Use the free std::getline, not the stream member function.
According to the C++ reference (here) getline sets the ios::fail when count-1 characters have been extracted. You would have to call filein.clear(); in between the getline() calls.
#include<iostream>
using namespace std;
int main()
{
ifstream in;
string lastLine1;
string lastLine2;
in.open("input.txt");
while(in.good()){
getline(in,lastLine1);
getline(in,lastLine2);
}
in.close();
if(lastLine2=="")
cout<<lastLine1<<endl;
else
cout<<lastLine2<<endl;
return 0;
}
As Kerrek SB said correctly There is 2 possibilities:
1) Second line is an empty line
2) there is no second line and all more than 1000 character is in one line, so second getline has nothing to get.

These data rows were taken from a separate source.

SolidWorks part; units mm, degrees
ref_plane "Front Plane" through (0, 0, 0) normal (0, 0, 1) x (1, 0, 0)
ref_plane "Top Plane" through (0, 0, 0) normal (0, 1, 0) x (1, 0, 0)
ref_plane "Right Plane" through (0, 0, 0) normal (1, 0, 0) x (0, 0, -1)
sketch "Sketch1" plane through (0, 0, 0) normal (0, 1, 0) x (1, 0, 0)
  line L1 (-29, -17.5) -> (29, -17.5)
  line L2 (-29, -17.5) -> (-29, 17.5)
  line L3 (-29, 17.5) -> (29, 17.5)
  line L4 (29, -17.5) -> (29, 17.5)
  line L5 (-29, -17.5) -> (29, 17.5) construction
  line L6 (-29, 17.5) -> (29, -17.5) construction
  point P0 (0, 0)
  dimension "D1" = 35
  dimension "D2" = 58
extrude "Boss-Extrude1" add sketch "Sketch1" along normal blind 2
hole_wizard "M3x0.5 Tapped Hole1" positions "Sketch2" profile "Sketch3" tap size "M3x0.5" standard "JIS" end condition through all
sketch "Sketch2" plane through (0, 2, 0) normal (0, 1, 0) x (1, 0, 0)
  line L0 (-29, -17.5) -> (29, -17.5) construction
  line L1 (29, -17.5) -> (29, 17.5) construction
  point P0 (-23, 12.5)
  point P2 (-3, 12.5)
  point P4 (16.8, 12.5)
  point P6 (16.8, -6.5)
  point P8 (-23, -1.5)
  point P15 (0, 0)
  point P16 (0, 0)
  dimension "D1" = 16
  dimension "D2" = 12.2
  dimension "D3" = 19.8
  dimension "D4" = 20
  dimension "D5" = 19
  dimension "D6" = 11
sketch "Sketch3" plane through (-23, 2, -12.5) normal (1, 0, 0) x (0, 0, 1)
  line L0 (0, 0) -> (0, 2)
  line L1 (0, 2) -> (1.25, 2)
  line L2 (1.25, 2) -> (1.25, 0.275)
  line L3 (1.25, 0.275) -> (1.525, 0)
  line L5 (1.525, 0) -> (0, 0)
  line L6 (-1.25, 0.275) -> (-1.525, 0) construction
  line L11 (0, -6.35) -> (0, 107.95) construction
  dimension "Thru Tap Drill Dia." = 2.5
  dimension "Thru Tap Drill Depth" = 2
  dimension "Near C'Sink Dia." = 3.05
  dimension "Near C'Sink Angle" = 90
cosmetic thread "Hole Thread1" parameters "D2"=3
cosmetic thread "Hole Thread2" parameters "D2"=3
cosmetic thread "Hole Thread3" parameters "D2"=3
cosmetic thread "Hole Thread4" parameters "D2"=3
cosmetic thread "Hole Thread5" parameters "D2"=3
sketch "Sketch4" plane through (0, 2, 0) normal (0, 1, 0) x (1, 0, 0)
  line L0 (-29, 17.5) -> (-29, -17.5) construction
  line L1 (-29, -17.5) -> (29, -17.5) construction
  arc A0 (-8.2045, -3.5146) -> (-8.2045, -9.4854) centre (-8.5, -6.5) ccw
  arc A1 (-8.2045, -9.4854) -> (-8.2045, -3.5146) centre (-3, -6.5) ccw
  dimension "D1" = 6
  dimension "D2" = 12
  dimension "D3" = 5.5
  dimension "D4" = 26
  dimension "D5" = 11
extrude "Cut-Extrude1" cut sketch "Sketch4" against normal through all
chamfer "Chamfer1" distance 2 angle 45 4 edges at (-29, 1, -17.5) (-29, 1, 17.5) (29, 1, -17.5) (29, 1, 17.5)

An easier way to get a line is to use the extractor operator of ifstream
string result;
//line counter
int line=1;
ifstream filein("Hey.txt");
while(filein >> result)
{
//display the line number and the result string of reading the line
cout << line << result << endl;
++line;
}
One problem here though is that it won't work when the line have a space ' ' because it is considered a field delimiter in ifstream. If you want to implement this kind of solution change your field delimiter to e.g. - / or any other field delimiter you like.
If you know how many spaces there is you can eat all the spaces by using other variables in the extractor operator of ifstream. Consider the file has contents of first name last name.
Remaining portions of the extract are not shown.